Targeted sync. Operator-initiated push of a specific change — identity revocation, credential revocation when the relevant credential-store path is reachable, urgent onboarding — independent of the incremental cadence.

Site redundancy. A redundant set of instances at a site for continuity through single-instance failure.

The right lever settings are a function of the deployment’s risk posture. The platform supports the range; the deployment selects.

Operational tuning after deployment

Pre-production testing validates the contract; production operation refines thresholds, runbooks, and operating posture. Four classes of observation should be used to tune a deployment after launch:

Actual sync-lag distributions under the deployment’s authoritative source and network path. The platform’s contract names a drift-window bound; the deployment’s actual distribution (median, 95th, 99th percentile) is a function of the authoritative source’s change volume, the sync engine’s capacity, and the network between them.

Probe false-positive rates under the deployment’s network conditions. The rate at which synthetic probes produce unhealthy observations that don’t reflect a true method outage is a function of the deployment’s network path and the probe thresholds. Stabilization windows are tuned against it.

Operator workflow around fallback events in the deployment’s actual identity patterns. The runbook describes the shape of operator response; the actual workflow — how often fallback fires, which signals the operator finds most informative, which runbook entries are most frequently consulted — becomes clearer in operation.

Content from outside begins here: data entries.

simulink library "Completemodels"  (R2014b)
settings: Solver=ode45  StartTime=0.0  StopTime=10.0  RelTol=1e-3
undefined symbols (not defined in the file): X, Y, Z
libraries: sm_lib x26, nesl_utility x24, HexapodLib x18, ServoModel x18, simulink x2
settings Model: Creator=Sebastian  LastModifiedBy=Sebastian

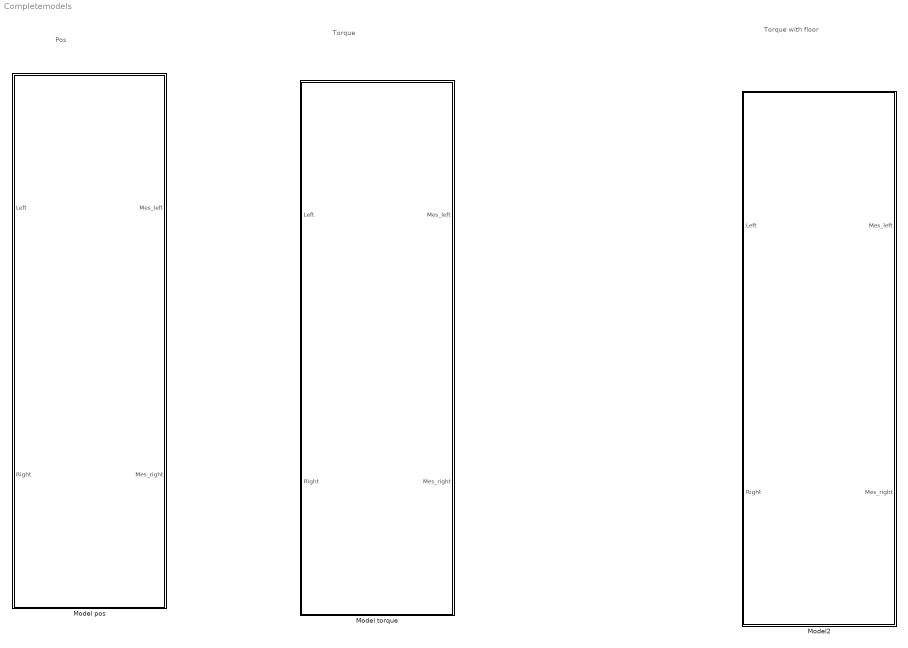
== system Completemodels ==
  note: Pos
  note: Torque
  note: Torque with floor
  Model pos : Subsystem
  Model torque : Subsystem
  Model2 : Subsystem

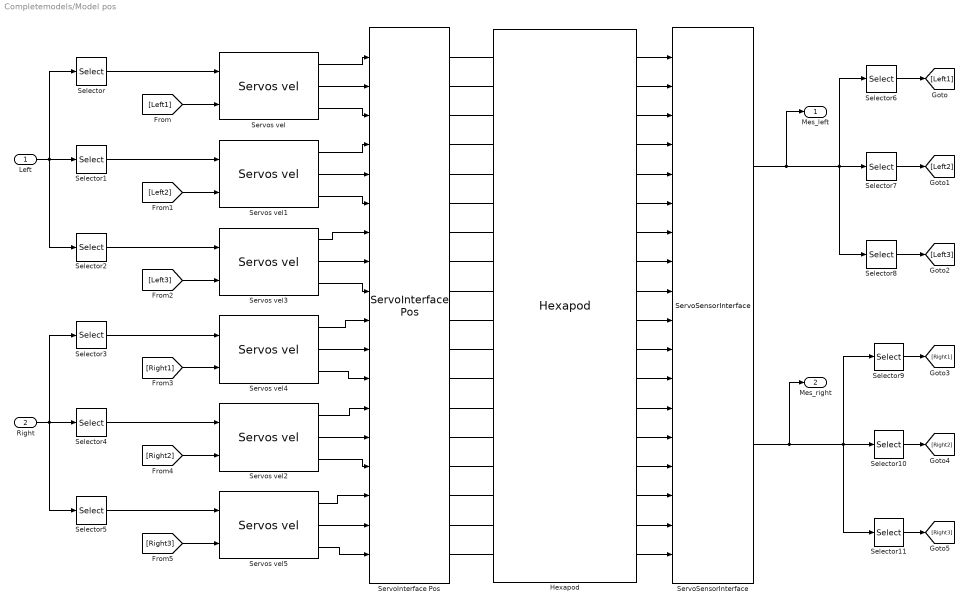
== system Completemodels/Model pos ==
  Left : Inport
  Right : Inport  Port=2
  Hexapod : HexapodLib/Hexapod
  Selector{,3,6,9} (4 alike) : Selector  IndexMode=Zero-based  InputPortWidth=3  Indices=0
  Selector{1,4,7,10} (4 alike) : Selector  IndexMode=Zero-based  InputPortWidth=3
  Selector{2,5,8,11} (4 alike) : Selector  IndexMode=Zero-based  InputPortWidth=3  Indices=2
  ServoInterface Pos : HexapodLib/ServoInterface Pos  Filter_time=0.001
  ServoSensorInterface : HexapodLib/ServoSensorInterface
  Servos vel{,1..5} (6 alike) : ServoModel/Servos vel
  Mes_left : Outport
  Mes_right : Outport  Port=2
  wires:
  Hexapod/9 -> ServoSensorInterface/9
  Servos vel1/1 -> ServoInterface Pos/4
  Hexapod/5 -> ServoSensorInterface/5
  Servos vel5/1 -> ServoInterface Pos/16
  [Right3] -> Servos vel5/2
  Servos vel4/1 -> ServoInterface Pos/10
  Servos vel3/2 -> ServoInterface Pos/8
  Servos vel/2 -> ServoInterface Pos/2
  Servos vel2/3 -> ServoInterface Pos/15
  [Left1] -> Servos vel/2
  [Right1] -> Servos vel4/2
  Servos vel/1 -> ServoInterface Pos/1
  Servos vel/3 -> ServoInterface Pos/3
  Servos vel4/3 -> ServoInterface Pos/12
  Servos vel2/2 -> ServoInterface Pos/14
  [Left3] -> Servos vel3/2
  Servos vel1/3 -> ServoInterface Pos/6
  Servos vel5/3 -> ServoInterface Pos/18
  Servos vel1/2 -> ServoInterface Pos/5
  [Right2] -> Servos vel2/2
  Servos vel3/3 -> ServoInterface Pos/9
  Servos vel4/2 -> ServoInterface Pos/11
  [Left2] -> Servos vel1/2
  Servos vel2/1 -> ServoInterface Pos/13
  Servos vel3/1 -> ServoInterface Pos/7
  Hexapod/10 -> ServoSensorInterface/10
  Hexapod/7 -> ServoSensorInterface/7
  Hexapod/4 -> ServoSensorInterface/4
  Servos vel5/2 -> ServoInterface Pos/17
  Hexapod/8 -> ServoSensorInterface/8
  Hexapod/3 -> ServoSensorInterface/3
  Hexapod/2 -> ServoSensorInterface/2
  Hexapod/1 -> ServoSensorInterface/1
  Hexapod/6 -> ServoSensorInterface/6
  Hexapod/18 -> ServoSensorInterface/18
  Hexapod/17 -> ServoSensorInterface/17
  Hexapod/16 -> ServoSensorInterface/16
  Hexapod/15 -> ServoSensorInterface/15
  Hexapod/14 -> ServoSensorInterface/14
  Hexapod/13 -> ServoSensorInterface/13
  Hexapod/12 -> ServoSensorInterface/12
  Hexapod/11 -> ServoSensorInterface/11
  Left/1 -> Selector2/1, Selector/1, Selector1/1
  Selector1/1 -> Servos vel1/1
  Selector/1 -> Servos vel/1
  Selector2/1 -> Servos vel3/1
  Right/1 -> Selector3/1, Selector5/1, Selector4/1
  Selector4/1 -> Servos vel2/1
  Selector3/1 -> Servos vel4/1
  Selector5/1 -> Servos vel5/1
  ServoSensorInterface/1 -> Selector8/1, Selector6/1, Selector7/1, Mes_left/1
  Selector6/1 -> [Left1]
  Selector7/1 -> [Left2]
  Selector8/1 -> [Left3]
  ServoSensorInterface/2 -> Selector11/1, Selector9/1, Selector10/1, Mes_right/1
  Selector9/1 -> [Right1]
  Selector10/1 -> [Right2]
  Selector11/1 -> [Right3]
  connections:
  Hexapod/LConn7 -- ServoInterface Pos/RConn7
  Hexapod/LConn5 -- ServoInterface Pos/RConn5
  Hexapod/LConn3 -- ServoInterface Pos/RConn3
  Hexapod/LConn16 -- ServoInterface Pos/RConn16
  Hexapod/LConn15 -- ServoInterface Pos/RConn15
  Hexapod/LConn18 -- ServoInterface Pos/RConn18
  Hexapod/LConn14 -- ServoInterface Pos/RConn14
  Hexapod/LConn13 -- ServoInterface Pos/RConn13
  Hexapod/LConn17 -- ServoInterface Pos/RConn17
  Hexapod/LConn11 -- ServoInterface Pos/RConn11
  Hexapod/LConn12 -- ServoInterface Pos/RConn12
  Hexapod/LConn10 -- ServoInterface Pos/RConn10
  Hexapod/LConn8 -- ServoInterface Pos/RConn8
  Hexapod/LConn9 -- ServoInterface Pos/RConn9
  Hexapod/LConn2 -- ServoInterface Pos/RConn2
  Hexapod/LConn4 -- ServoInterface Pos/RConn4
  Hexapod/LConn6 -- ServoInterface Pos/RConn6
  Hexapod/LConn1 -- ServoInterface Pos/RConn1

Long-horizon effects. Audit-buffer storage growth, sync-cursor wraparound, token-rotation crossing sync cycles — these are monitored in production over weeks and months. Pre-production operation produces an approximation; sustained operation refines it.

None of these blocks pre-production approval when the contract holds. Each is a reason for the deployment to retain observability against the platform’s behavior through initial operation and beyond.